▸ What you need to do
Beneath this line is the data. Output exactly the lines from the line with "5140 4510 5430" to the line with "4930 4750 4910", both ends included, and nothing more.

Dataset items
◇ ◇ ◇ ◇
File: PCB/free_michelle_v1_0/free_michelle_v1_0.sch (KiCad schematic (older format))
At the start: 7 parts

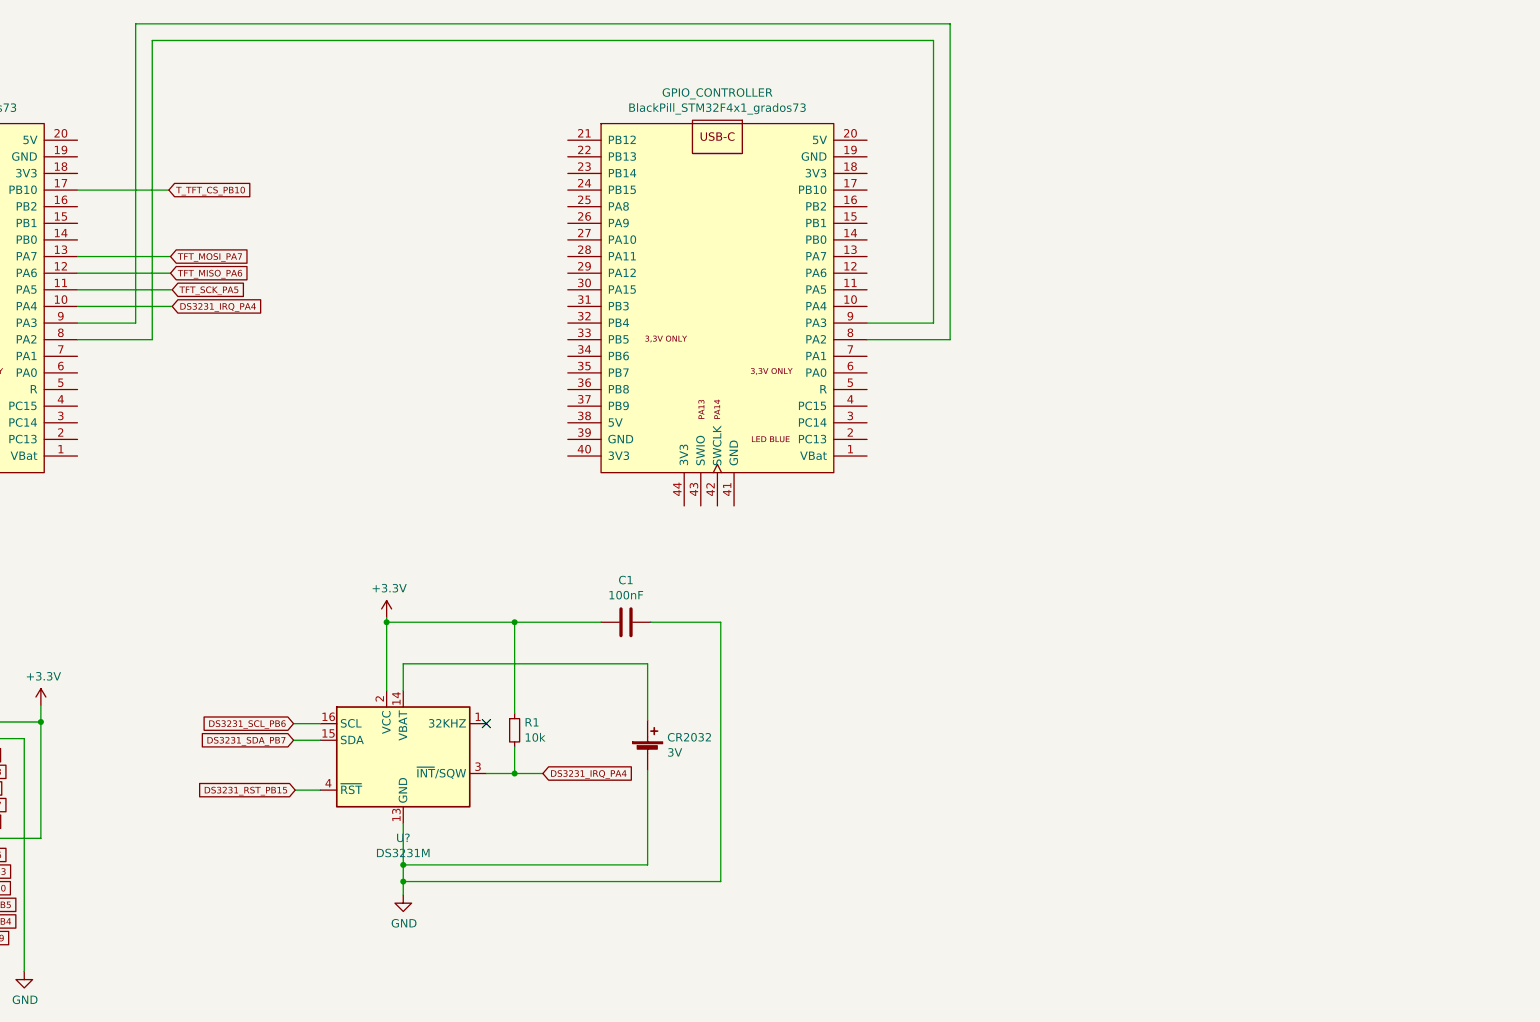
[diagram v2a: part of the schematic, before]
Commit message: Dodane zapomniane rezystory podciągające dla SCL i SDA
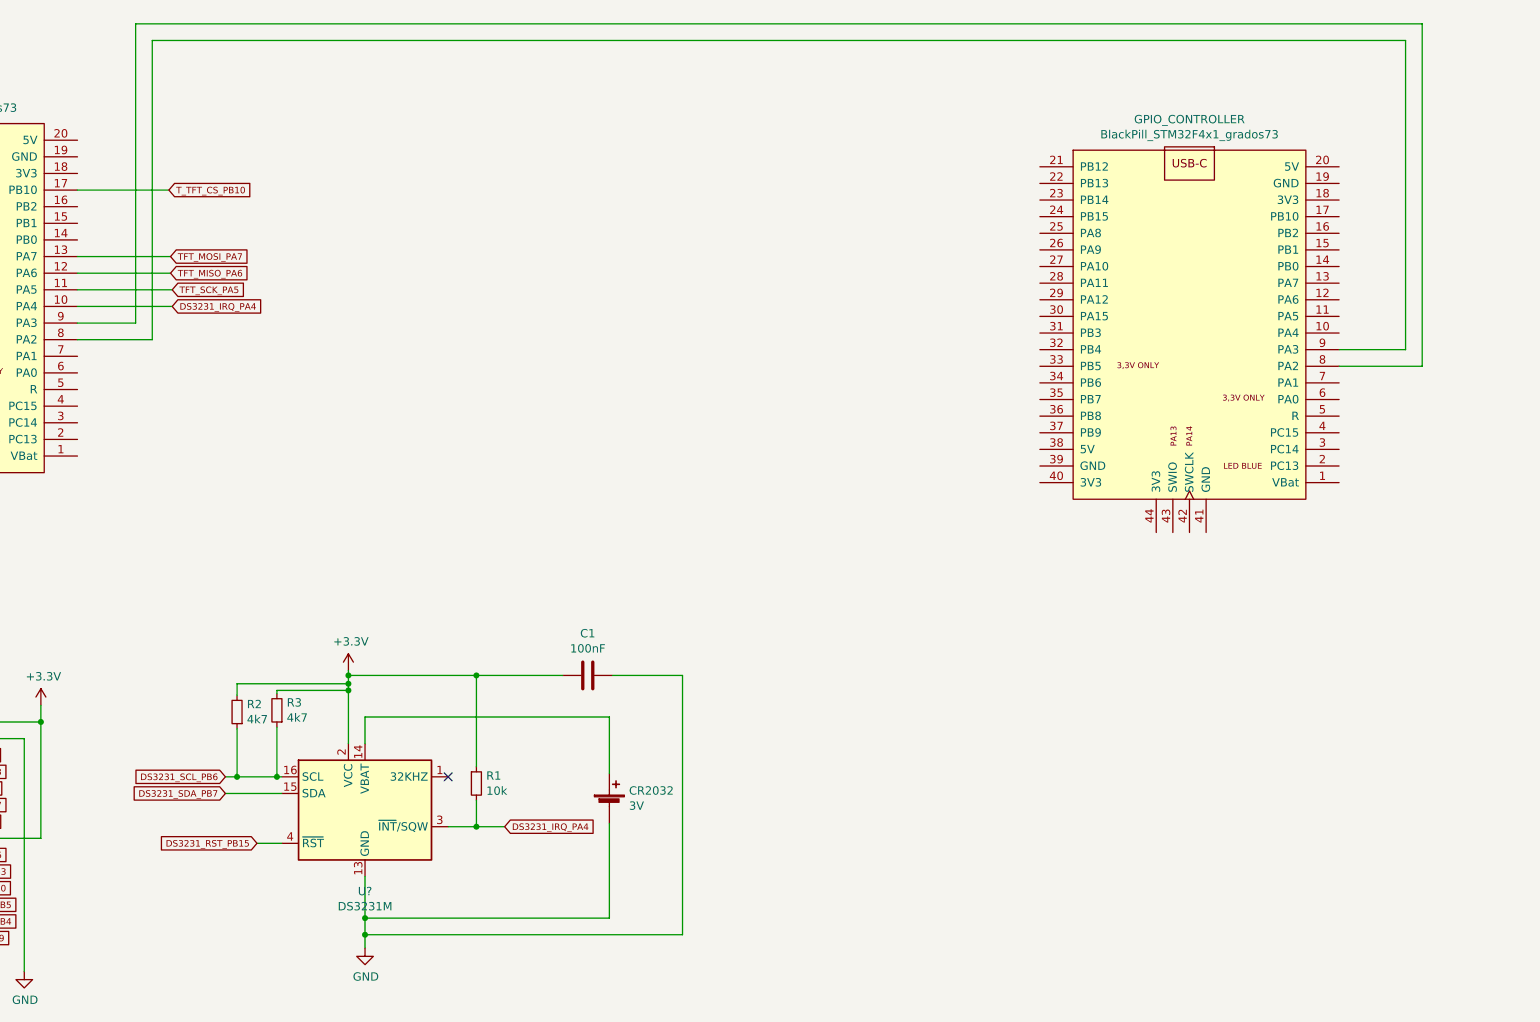
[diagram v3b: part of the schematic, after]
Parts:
- added R2, R3: 4k7, symbol Device:R_Small
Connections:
- net +3V3: now also R2.2, R3.2
- net DS3231_SCL_PB6: now also R2.1, R3.1
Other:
- moved on the sheet: C1, CR2032, GPIO_CONTROLLER, R1, U?
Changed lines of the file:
@@
 L grad73_library:BlackPill_STM32F4x1_grados73 GPIO_CONTROLLER
 U 1 1 61DBA5F5
-P 7400 2500
-F 0 "GPIO_CONTROLLER" H 7400 3685 50  0000 C CNN
-F 1 "BlackPill_STM32F4x1_grados73" H 7400 3594 50  0000 C CNN
-F 2 "" H 8200 1500 50  0001 C CNN
-F 3 "" H 8200 1500 50  0001 C CNN
-	1    7400 2500
+P 10240 2660
+F 0 "GPIO_CONTROLLER" H 10240 3845 50  0000 C CNN
+F 1 "BlackPill_STM32F4x1_grados73" H 10240 3754 50  0000 C CNN
+F 2 "" H 11040 1660 50  0001 C CNN
+F 3 "" H 11040 1660 50  0001 C CNN
+	1    10240 2660
 	1    0    0    -1
 $EndComp
@@
 	4000 2800 4000 1000
 Wire Wire Line
-	4000 1000 8700 1000
-Wire Wire Line
-	8700 1000 8700 2700
-Wire Wire Line
-	8700 2700 8300 2700
+	11540 2860 11140 2860
 Wire Wire Line
 	3550 2700 3900 2700
@@
 	3900 2700 3900 900
 Wire Wire Line
-	3900 900  8800 900
-Wire Wire Line
-	8800 900  8800 2800
-Wire Wire Line
-	8800 2800 8300 2800
+	11640 2960 11140 2960
 $Comp
 L grad73_library:TFT_320x240_ILI9341 D1
@@
 L Timer_RTC:DS3231M U?
 U 1 1 61DE62B5
-P 5510 5310
-F 0 "U?" H 5510 4821 50  0000 C CNN
-F 1 "DS3231M" H 5510 4730 50  0000 C CNN
-F 2 "Package_SO:SOIC-16W_7.5x10.3mm_P1.27mm" H 5510 4710 50  0001 C CNN
-F 3 "http://datasheets.maximintegrated.com/en/ds/DS3231.pdf" H 5780 5360 50  0001 C CNN
-	1    5510 5310
-	1    0    0    -1
-$EndComp
-NoConn ~ 6010 5110
-Text GLabel 4850 5110 0    39   Input ~ 0
+P 5280 5630
+F 0 "U?" H 5280 5141 50  0000 C CNN
+F 1 "DS3231M" H 5280 5050 50  0000 C CNN
+F 2 "Package_SO:SOIC-16W_7.5x10.3mm_P1.27mm" H 5280 5030 50  0001 C CNN
+F 3 "http://datasheets.maximintegrated.com/en/ds/DS3231.pdf" H 5550 5680 50  0001 C CNN
+	1    5280 5630
+	1    0    0    -1
+$EndComp
+NoConn ~ 5780 5430
+Text GLabel 4440 5430 0    39   Input ~ 0
 DS3231_SCL_PB6
 Text GLabel 1600 2900 0    39   Input ~ 0
@@
 Wire Wire Line
 	1600 2900 1750 2900
-Wire Wire Line
-	4850 5110 5010 5110
-Text GLabel 4850 5210 0    39   Input ~ 0
+Text GLabel 4440 5530 0    39   Input ~ 0
 DS3231_SDA_PB7
-Wire Wire Line
-	4850 5210 5010 5210
 Text GLabel 1600 3000 0    39   Input ~ 0
 DS3231_SDA_PB7
@@
 L power:+3.3V #PWR?
 U 1 1 61DEE9A8
-P 5410 4470
-F 0 "#PWR?" H 5410 4320 50  0001 C CNN
-F 1 "+3.3V" H 5425 4643 50  0000 C CNN
-F 2 "" H 5410 4470 50  0001 C CNN
-F 3 "" H 5410 4470 50  0001 C CNN
-	1    5410 4470
+P 5180 4790
+F 0 "#PWR?" H 5180 4640 50  0001 C CNN
+F 1 "+3.3V" H 5195 4963 50  0000 C CNN
+F 2 "" H 5180 4790 50  0001 C CNN
+F 3 "" H 5180 4790 50  0001 C CNN
+	1    5180 4790
 	1    0    0    -1
 $EndComp
@@
 L power:GND #PWR?
 U 1 1 61DF0A08
-P 5510 6140
-F 0 "#PWR?" H 5510 5890 50  0001 C CNN
-F 1 "GND" H 5515 5967 50  0000 C CNN
-F 2 "" H 5510 6140 50  0001 C CNN
-F 3 "" H 5510 6140 50  0001 C CNN
-	1    5510 6140
+P 5280 6460
+F 0 "#PWR?" H 5280 6210 50  0001 C CNN
+F 1 "GND" H 5285 6287 50  0000 C CNN
+F 2 "" H 5280 6460 50  0001 C CNN
+F 3 "" H 5280 6460 50  0001 C CNN
+	1    5280 6460
 	1    0    0    -1
 $EndComp
@@
 L Device:Battery_Cell CR2032
 U 1 1 61DF2F26
-P 6980 5290
-F 0 "CR2032" H 7098 5386 50  0000 L CNN
-F 1 "3V" H 7098 5295 50  0000 L CNN
-F 2 "" V 6980 5350 50  0001 C CNN
-F 3 "~" V 6980 5350 50  0001 C CNN
-	1    6980 5290
-	1    0    0    -1
-$EndComp
-Wire Wire Line
-	6980 5090 6980 4750
-Wire Wire Line
-	6980 4750 5510 4750
-Wire Wire Line
-	5510 4750 5510 4910
-Wire Wire Line
-	6980 5390 6980 5960
-Wire Wire Line
-	6980 5960 5510 5960
-Connection ~ 5510 5960
-Wire Wire Line
-	5510 5960 5510 5710
-Text GLabel 6350 5410 2    39   Input ~ 0
+P 6750 5610
+F 0 "CR2032" H 6868 5706 50  0000 L CNN
+F 1 "3V" H 6868 5615 50  0000 L CNN
+F 2 "" V 6750 5670 50  0001 C CNN
+F 3 "~" V 6750 5670 50  0001 C CNN
+	1    6750 5610
+	1    0    0    -1
+$EndComp
+Wire Wire Line
+	6750 5410 6750 5070
+Wire Wire Line
+	6750 5070 5280 5070
+Wire Wire Line
+	5280 5070 5280 5230
+Wire Wire Line
+	6750 5710 6750 6280
+Wire Wire Line
+	6750 6280 5280 6280
+Connection ~ 5280 6280
+Wire Wire Line
+	5280 6280 5280 6030
+Text GLabel 6120 5730 2    39   Input ~ 0
 DS3231_IRQ_PA4
 Wire Wire Line
-	6010 5410 6180 5410
-Wire Wire Line
-	5410 4470 5410 4500
+	5780 5730 5950 5730
+Wire Wire Line
+	5180 4790 5180 4820
 $Comp
 L Device:R_Small R1
 U 1 1 61DFE4B3
-P 6180 5150
-F 0 "R1" H 6239 5196 50  0000 L CNN
-F 1 "10k" H 6239 5105 50  0000 L CNN
-F 2 "" H 6180 5150 50  0001 C CNN
-F 3 "~" H 6180 5150 50  0001 C CNN
-	1    6180 5150
-	1    0    0    -1
-$EndComp
-Wire Wire Line
-	6180 5250 6180 5410
-Connection ~ 6180 5410
-Wire Wire Line
-	6180 5410 6350 5410
-Wire Wire Line
-	6180 5050 6180 4500
-Wire Wire Line
-	6180 4500 5410 4500
-Connection ~ 5410 4500
-Wire Wire Line
-	5410 4500 5410 4910
-Wire Wire Line
-	5510 5960 5510 6060
-Wire Wire Line
-	7420 4500 7420 6060
-Wire Wire Line
-	7420 6060 5510 6060
-Connection ~ 5510 6060
-Wire Wire Line
-	5510 6060 5510 6140
+P 5950 5470
+F 0 "R1" H 6009 5516 50  0000 L CNN
+F 1 "10k" H 6009 5425 50  0000 L CNN
+F 2 "" H 5950 5470 50  0001 C CNN
+F 3 "~" H 5950 5470 50  0001 C CNN
+	1    5950 5470
+	1    0    0    -1
+$EndComp
+Wire Wire Line
+	5950 5570 5950 5730
+Connection ~ 5950 5730
+Wire Wire Line
+	5950 5730 6120 5730
+Wire Wire Line
+	5950 5370 5950 4820
+Wire Wire Line
+	5950 4820 5180 4820
+Connection ~ 5180 4820
+Wire Wire Line
+	5180 4820 5180 4870
+Wire Wire Line
+	5280 6280 5280 6380
+Wire Wire Line
+	7190 4820 7190 6380
+Wire Wire Line
+	7190 6380 5280 6380
+Connection ~ 5280 6380
+Wire Wire Line
+	5280 6380 5280 6460
 $Comp
 L Device:C C1
 U 1 1 61E06AF8
-P 6850 4500
-F 0 "C1" V 7102 4500 50  0000 C CNN
-F 1 "100nF" V 7011 4500 50  0000 C CNN
-F 2 "" H 6888 4350 50  0001 C CNN
-F 3 "~" H 6850 4500 50  0001 C CNN
-	1    6850 4500
+P 6620 4820
+F 0 "C1" V 6872 4820 50  0000 C CNN
+F 1 "100nF" V 6781 4820 50  0000 C CNN
+F 2 "" H 6658 4670 50  0001 C CNN
+F 3 "~" H 6620 4820 50  0001 C CNN
+	1    6620 4820
 	0    -1   -1   0
 $EndComp
 Wire Wire Line
-	6180 4500 6700 4500
-Connection ~ 6180 4500
-Wire Wire Line
-	7000 4500 7420 4500
-Text GLabel 4860 5510 0    39   Input ~ 0
+	5950 4820 6470 4820
+Connection ~ 5950 4820
+Wire Wire Line
+	6770 4820 7190 4820
+Text GLabel 4630 5830 0    39   Input ~ 0
 DS3231_RST_PB15
 Wire Wire Line
-	4860 5510 5010 5510
+	4630 5830 4780 5830
 Text GLabel 1590 1900 0    39   Input ~ 0
 DS3231_RST_PB15
 Wire Wire Line
 	1590 1900 1750 1900
+Wire Wire Line
+	11640 900  11640 2960
+Wire Wire Line
+	3900 900  11640 900
+Wire Wire Line
+	11540 1000 11540 2860
+Wire Wire Line
+	4000 1000 11540 1000
+$Comp
+L Device:R_Small R2
+U 1 1 61DB60FA
+P 4510 5040
+F 0 "R2" H 4451 4994 50  0000 R CNN
+F 1 "4k7" H 4451 5085 50  0000 R CNN
+F 2 "" H 4510 5040 50  0001 C CNN
+F 3 "~" H 4510 5040 50  0001 C CNN
+	1    4510 5040
+	-1   0    0    1
+$EndComp
+$Comp
+L Device:R_Small R3
+U 1 1 61DC4213
+P 4750 5030
+F 0 "R3" H 4691 4984 50  0000 R CNN
+F 1 "4k7" H 4691 5075 50  0000 R CNN
+F 2 "" H 4750 5030 50  0001 C CNN
+F 3 "~" H 4750 5030 50  0001 C CNN
+	1    4750 5030
+	-1   0    0    1
+$EndComp
+Wire Wire Line
+	4440 5530 4780 5530
+Wire Wire Line
+	4440 5430 4510 5430
+Wire Wire Line
+	4510 5140 4510 5430
+Connection ~ 4510 5430
+Wire Wire Line
+	4510 5430 4750 5430
+Wire Wire Line
+	4510 4940 4510 4870
+Wire Wire Line
+	4510 4870 5180 4870
+Connection ~ 5180 4870
+Wire Wire Line
+	5180 4870 5180 4910
+Wire Wire Line
+	4750 4930 4750 4910
+Wire Wire Line
+	4750 4910 5180 4910
+Connection ~ 5180 4910
+Wire Wire Line
+	5180 4910 5180 5230
+Wire Wire Line
+	4750 5130 4750 5430
+Connection ~ 4750 5430
+Wire Wire Line
+	4750 5430 4780 5430
 $EndSCHEMATC

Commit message: Dodany do schematu element EEPROM 24AA01
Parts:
- added R4, R5: 4K7, symbol Device:R_Small
- added U?: 24AA01, symbol grad73_library:24AA01
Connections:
- net +3V3: now also R4.1, R5.1, U?.8 (VCC)
- net GND: now also U?.4 (VSS), U?.7 (WP)
- net EEPROM_SCL_PA8: now reaches TFT_CONTROLLER.25 (PA8)
- net EEPROM_SCL_PA8: now also R4.2, U?.6 (SCL)
- net EEPROM_SDA_PB8: now reaches TFT_CONTROLLER.36 (PB8)
- net EEPROM_SDA_PB8: now also R5.2, U?.5 (SDA)
- no-connect marks 1 -> 4
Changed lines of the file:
@@
 Wire Wire Line
 	4750 5430 4780 5430
+$Comp
+L grad73_library:24AA01 U?
+U 1 1 61DD6889
+P 2240 7320
+F 0 "U?" H 2265 7435 50  0000 C CNN
+F 1 "24AA01" H 2265 7344 50  0000 C CNN
+F 2 "" H 2240 7320 50  0001 C CNN
+F 3 "" H 2240 7320 50  0001 C CNN
+	1    2240 7320
+	1    0    0    -1
+$EndComp
+$Comp
+L power:GND #PWR?
+U 1 1 61DD74E4
+P 1800 8030
+F 0 "#PWR?" H 1800 7780 50  0001 C CNN
+F 1 "GND" H 1805 7857 50  0000 C CNN
+F 2 "" H 1800 8030 50  0001 C CNN
+F 3 "" H 1800 8030 50  0001 C CNN
+	1    1800 8030
+	1    0    0    -1
+$EndComp
+Wire Wire Line
+	1800 7770 1940 7770
+Wire Wire Line
+	1800 7770 1800 7900
+Wire Wire Line
+	2590 7570 2650 7570
+Wire Wire Line
+	2650 7570 2650 7900
+Wire Wire Line
+	2650 7900 1800 7900
+Connection ~ 1800 7900
+Wire Wire Line
+	1800 7900 1800 8030
+$Comp
+L free_michelle_v1_0-cache:+3.3V #PWR?
+U 1 1 61DBFF7C
+P 2700 7300
+F 0 "#PWR?" H 2700 7150 50  0001 C CNN
+F 1 "+3.3V" H 2715 7473 50  0000 C CNN
+F 2 "" H 2700 7300 50  0001 C CNN
+F 3 "" H 2700 7300 50  0001 C CNN
+	1    2700 7300
+	1    0    0    -1
+$EndComp
+Wire Wire Line
+	2590 7470 2700 7470
+Wire Wire Line
+	2700 7470 2700 7380
+NoConn ~ 1940 7470
+NoConn ~ 1940 7570
+NoConn ~ 1940 7670
+Text GLabel 3480 7770 2    39   Input ~ 0
+EEPROM_SDA_PB8
+Text GLabel 1600 3100 0    39   Input ~ 0
+EEPROM_SDA_PB8
+Wire Wire Line
+	1600 3100 1750 3100
+Text GLabel 3480 7670 2    39   Input ~ 0
+EEPROM_SCL_PA8
+Text GLabel 1590 2000 0    39   Input ~ 0
+EEPROM_SCL_PA8
+Wire Wire Line
+	1590 2000 1750 2000
+Wire Wire Line
+	2590 7670 2800 7670
+Wire Wire Line
+	2590 7770 3090 7770
+$Comp
+L Device:R_Small R4
+U 1 1 61DDD494
+P 2800 7500
+F 0 "R4" H 2859 7546 50  0000 L CNN
+F 1 "4K7" H 2859 7455 50  0000 L CNN
+F 2 "" H 2800 7500 50  0001 C CNN
+F 3 "~" H 2800 7500 50  0001 C CNN
+	1    2800 7500
+	1    0    0    -1
+$EndComp
+$Comp
+L Device:R_Small R5
+U 1 1 61DDDE8B
+P 3090 7500
+F 0 "R5" H 3149 7546 50  0000 L CNN
+F 1 "4K7" H 3149 7455 50  0000 L CNN
+F 2 "" H 3090 7500 50  0001 C CNN
+F 3 "~" H 3090 7500 50  0001 C CNN
+	1    3090 7500
+	1    0    0    -1
+$EndComp
+Wire Wire Line
+	2800 7600 2800 7670
+Connection ~ 2800 7670
+Wire Wire Line
+	2800 7670 3480 7670
+Wire Wire Line
+	3090 7600 3090 7770
+Connection ~ 3090 7770
+Wire Wire Line
+	3090 7770 3480 7770
+Wire Wire Line
+	2800 7400 2800 7380
+Wire Wire Line
+	2800 7380 2700 7380
+Connection ~ 2700 7380
+Wire Wire Line
+	2700 7380 2700 7330
+Wire Wire Line
+	3090 7400 3090 7330
+Wire Wire Line
+	3090 7330 2700 7330
+Connection ~ 2700 7330
+Wire Wire Line
+	2700 7330 2700 7300
 $EndSCHEMATC

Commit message: Dodany L7805
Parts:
- added C?: 47uF, symbol Device:CP_Small
- added C? (x2): 100nF, symbol Device:C_Small
- added U?: L7805, symbol Regulator_Linear:L7805
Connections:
- net +5V: now also C?.1, U?.3 (OUT)
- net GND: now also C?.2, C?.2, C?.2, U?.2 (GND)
◇ ◇ ◇ ◇
▸ Reply to the task
+	4510 5140 4510 5430
+Connection ~ 4510 5430
+Wire Wire Line
+	4510 5430 4750 5430
+Wire Wire Line
+	4510 4940 4510 4870
+Wire Wire Line
+	4510 4870 5180 4870
+Connection ~ 5180 4870
+Wire Wire Line
+	5180 4870 5180 4910
+Wire Wire Line
+	4750 4930 4750 4910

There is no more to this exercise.